* BRIEF *
Leave the pictures out. Return all other data exactly.
----
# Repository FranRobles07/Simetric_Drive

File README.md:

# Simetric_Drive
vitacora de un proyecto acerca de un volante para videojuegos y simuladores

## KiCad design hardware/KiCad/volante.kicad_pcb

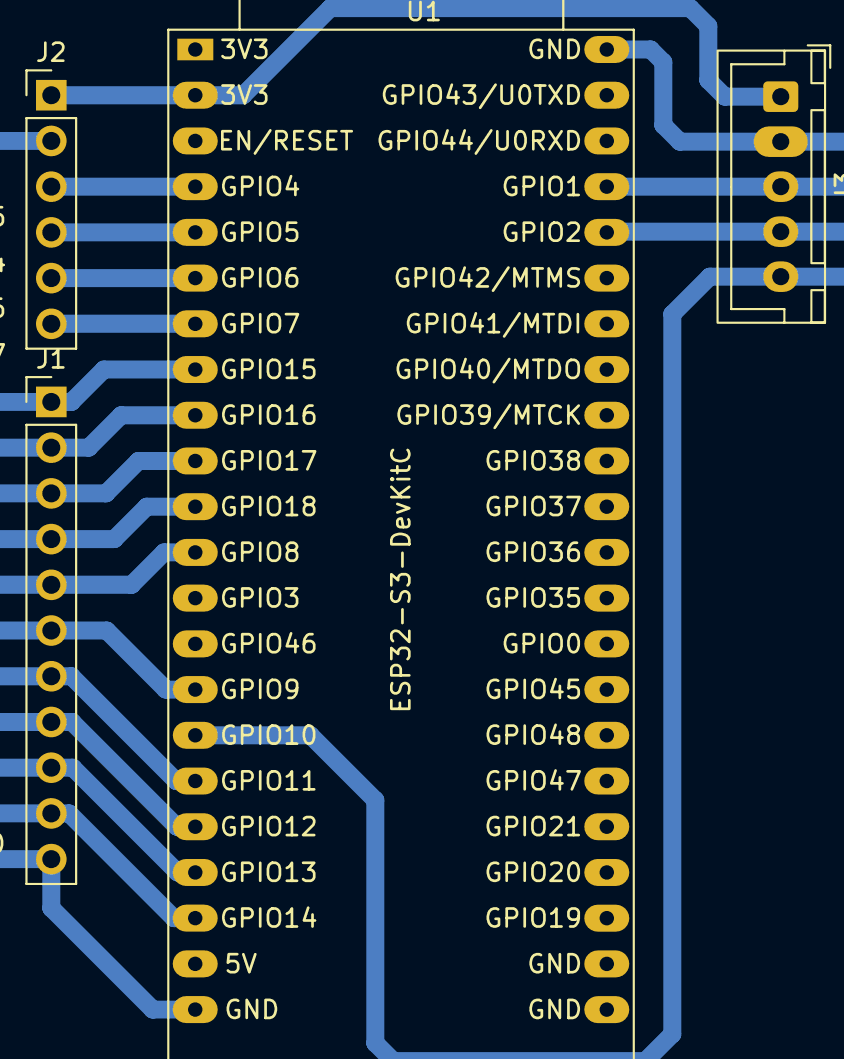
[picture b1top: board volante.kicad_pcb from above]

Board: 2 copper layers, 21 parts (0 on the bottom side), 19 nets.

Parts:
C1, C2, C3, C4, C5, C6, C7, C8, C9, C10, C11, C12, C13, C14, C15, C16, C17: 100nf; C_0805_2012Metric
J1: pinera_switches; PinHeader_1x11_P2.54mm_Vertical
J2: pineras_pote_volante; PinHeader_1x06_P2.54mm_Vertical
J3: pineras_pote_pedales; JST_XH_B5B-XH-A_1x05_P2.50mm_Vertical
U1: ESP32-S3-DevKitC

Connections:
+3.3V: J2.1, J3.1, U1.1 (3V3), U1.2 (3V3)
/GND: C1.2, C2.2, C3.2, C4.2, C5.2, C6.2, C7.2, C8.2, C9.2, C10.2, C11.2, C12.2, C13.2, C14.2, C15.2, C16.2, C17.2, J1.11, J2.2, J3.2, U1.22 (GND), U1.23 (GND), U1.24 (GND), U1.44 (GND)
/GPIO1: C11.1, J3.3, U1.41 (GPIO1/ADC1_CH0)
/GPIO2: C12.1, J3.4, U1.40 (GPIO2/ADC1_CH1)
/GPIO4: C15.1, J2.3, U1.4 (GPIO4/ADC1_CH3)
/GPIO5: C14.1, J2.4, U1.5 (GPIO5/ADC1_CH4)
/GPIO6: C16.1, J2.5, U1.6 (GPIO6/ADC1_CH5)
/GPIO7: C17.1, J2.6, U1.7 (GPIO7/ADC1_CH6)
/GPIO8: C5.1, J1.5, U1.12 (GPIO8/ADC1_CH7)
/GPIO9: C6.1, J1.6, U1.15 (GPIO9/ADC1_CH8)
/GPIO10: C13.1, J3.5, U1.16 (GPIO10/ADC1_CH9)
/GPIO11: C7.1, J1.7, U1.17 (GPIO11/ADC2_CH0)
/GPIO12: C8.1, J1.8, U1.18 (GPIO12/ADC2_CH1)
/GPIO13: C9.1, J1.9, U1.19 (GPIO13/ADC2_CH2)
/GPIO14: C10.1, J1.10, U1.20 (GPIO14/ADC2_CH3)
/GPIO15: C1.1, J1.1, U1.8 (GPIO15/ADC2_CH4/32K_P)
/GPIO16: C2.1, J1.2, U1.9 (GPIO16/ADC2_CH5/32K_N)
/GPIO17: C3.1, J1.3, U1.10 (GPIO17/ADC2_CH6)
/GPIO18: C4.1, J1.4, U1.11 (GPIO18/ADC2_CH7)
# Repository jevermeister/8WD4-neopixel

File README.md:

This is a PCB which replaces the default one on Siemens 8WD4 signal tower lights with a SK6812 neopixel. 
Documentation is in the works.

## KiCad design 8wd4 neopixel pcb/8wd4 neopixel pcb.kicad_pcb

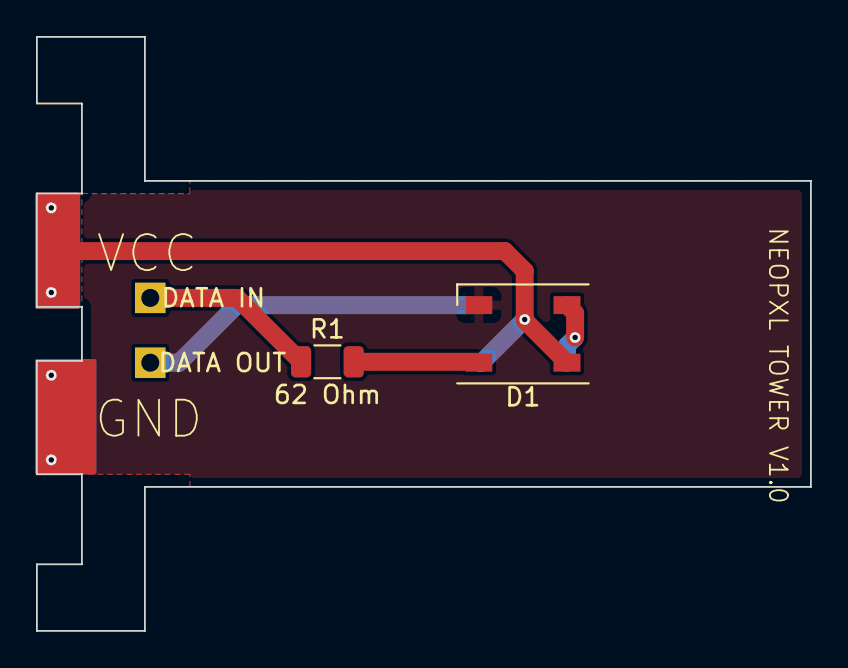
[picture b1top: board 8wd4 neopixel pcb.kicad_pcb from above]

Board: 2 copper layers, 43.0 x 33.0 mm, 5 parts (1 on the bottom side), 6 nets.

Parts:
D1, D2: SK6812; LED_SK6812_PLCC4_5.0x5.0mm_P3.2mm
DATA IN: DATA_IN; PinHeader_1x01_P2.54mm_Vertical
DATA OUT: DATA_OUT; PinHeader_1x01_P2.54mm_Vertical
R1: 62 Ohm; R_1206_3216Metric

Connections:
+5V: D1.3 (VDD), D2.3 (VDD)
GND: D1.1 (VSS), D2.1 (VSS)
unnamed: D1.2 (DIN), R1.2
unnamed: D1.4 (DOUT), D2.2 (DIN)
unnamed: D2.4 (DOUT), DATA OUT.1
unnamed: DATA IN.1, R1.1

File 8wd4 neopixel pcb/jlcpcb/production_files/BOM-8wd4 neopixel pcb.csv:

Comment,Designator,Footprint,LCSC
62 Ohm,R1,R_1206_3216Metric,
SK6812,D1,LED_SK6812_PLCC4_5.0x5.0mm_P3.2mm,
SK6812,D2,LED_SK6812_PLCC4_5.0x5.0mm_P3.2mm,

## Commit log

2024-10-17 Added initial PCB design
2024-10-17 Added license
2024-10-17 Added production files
----
* OUTPUT OF THE EXERCISE *
# Repository FranRobles07/Simetric_Drive

File README.md:

# Simetric_Drive
vitacora de un proyecto acerca de un volante para videojuegos y simuladores

## KiCad design hardware/KiCad/volante.kicad_pcb

[picture b1top: board volante.kicad_pcb from above]

Board: 2 copper layers, 21 parts (0 on the bottom side), 19 nets.

Parts:
C1, C2, C3, C4, C5, C6, C7, C8, C9, C10, C11, C12, C13, C14, C15, C16, C17: 100nf; C_0805_2012Metric
J1: pinera_switches; PinHeader_1x11_P2.54mm_Vertical
J2: pineras_pote_volante; PinHeader_1x06_P2.54mm_Vertical
J3: pineras_pote_pedales; JST_XH_B5B-XH-A_1x05_P2.50mm_Vertical
U1: ESP32-S3-DevKitC

Connections:
+3.3V: J2.1, J3.1, U1.1 (3V3), U1.2 (3V3)
/GND: C1.2, C2.2, C3.2, C4.2, C5.2, C6.2, C7.2, C8.2, C9.2, C10.2, C11.2, C12.2, C13.2, C14.2, C15.2, C16.2, C17.2, J1.11, J2.2, J3.2, U1.22 (GND), U1.23 (GND), U1.24 (GND), U1.44 (GND)
/GPIO1: C11.1, J3.3, U1.41 (GPIO1/ADC1_CH0)
/GPIO2: C12.1, J3.4, U1.40 (GPIO2/ADC1_CH1)
/GPIO4: C15.1, J2.3, U1.4 (GPIO4/ADC1_CH3)
/GPIO5: C14.1, J2.4, U1.5 (GPIO5/ADC1_CH4)
/GPIO6: C16.1, J2.5, U1.6 (GPIO6/ADC1_CH5)
/GPIO7: C17.1, J2.6, U1.7 (GPIO7/ADC1_CH6)
/GPIO8: C5.1, J1.5, U1.12 (GPIO8/ADC1_CH7)
/GPIO9: C6.1, J1.6, U1.15 (GPIO9/ADC1_CH8)
/GPIO10: C13.1, J3.5, U1.16 (GPIO10/ADC1_CH9)
/GPIO11: C7.1, J1.7, U1.17 (GPIO11/ADC2_CH0)
/GPIO12: C8.1, J1.8, U1.18 (GPIO12/ADC2_CH1)
/GPIO13: C9.1, J1.9, U1.19 (GPIO13/ADC2_CH2)
/GPIO14: C10.1, J1.10, U1.20 (GPIO14/ADC2_CH3)
/GPIO15: C1.1, J1.1, U1.8 (GPIO15/ADC2_CH4/32K_P)
/GPIO16: C2.1, J1.2, U1.9 (GPIO16/ADC2_CH5/32K_N)
/GPIO17: C3.1, J1.3, U1.10 (GPIO17/ADC2_CH6)
/GPIO18: C4.1, J1.4, U1.11 (GPIO18/ADC2_CH7)
# Repository jevermeister/8WD4-neopixel

File README.md:

This is a PCB which replaces the default one on Siemens 8WD4 signal tower lights with a SK6812 neopixel. 
Documentation is in the works.

## KiCad design 8wd4 neopixel pcb/8wd4 neopixel pcb.kicad_pcb

[picture b1top: board 8wd4 neopixel pcb.kicad_pcb from above]

Board: 2 copper layers, 43.0 x 33.0 mm, 5 parts (1 on the bottom side), 6 nets.

Parts:
D1, D2: SK6812; LED_SK6812_PLCC4_5.0x5.0mm_P3.2mm
DATA IN: DATA_IN; PinHeader_1x01_P2.54mm_Vertical
DATA OUT: DATA_OUT; PinHeader_1x01_P2.54mm_Vertical
R1: 62 Ohm; R_1206_3216Metric

Connections:
+5V: D1.3 (VDD), D2.3 (VDD)
GND: D1.1 (VSS), D2.1 (VSS)
unnamed: D1.2 (DIN), R1.2
unnamed: D1.4 (DOUT), D2.2 (DIN)
unnamed: D2.4 (DOUT), DATA OUT.1
unnamed: DATA IN.1, R1.1

File 8wd4 neopixel pcb/jlcpcb/production_files/BOM-8wd4 neopixel pcb.csv:

Comment,Designator,Footprint,LCSC
62 Ohm,R1,R_1206_3216Metric,
SK6812,D1,LED_SK6812_PLCC4_5.0x5.0mm_P3.2mm,
SK6812,D2,LED_SK6812_PLCC4_5.0x5.0mm_P3.2mm,

## Commit log

2024-10-17 Added initial PCB design
2024-10-17 Added license
2024-10-17 Added production files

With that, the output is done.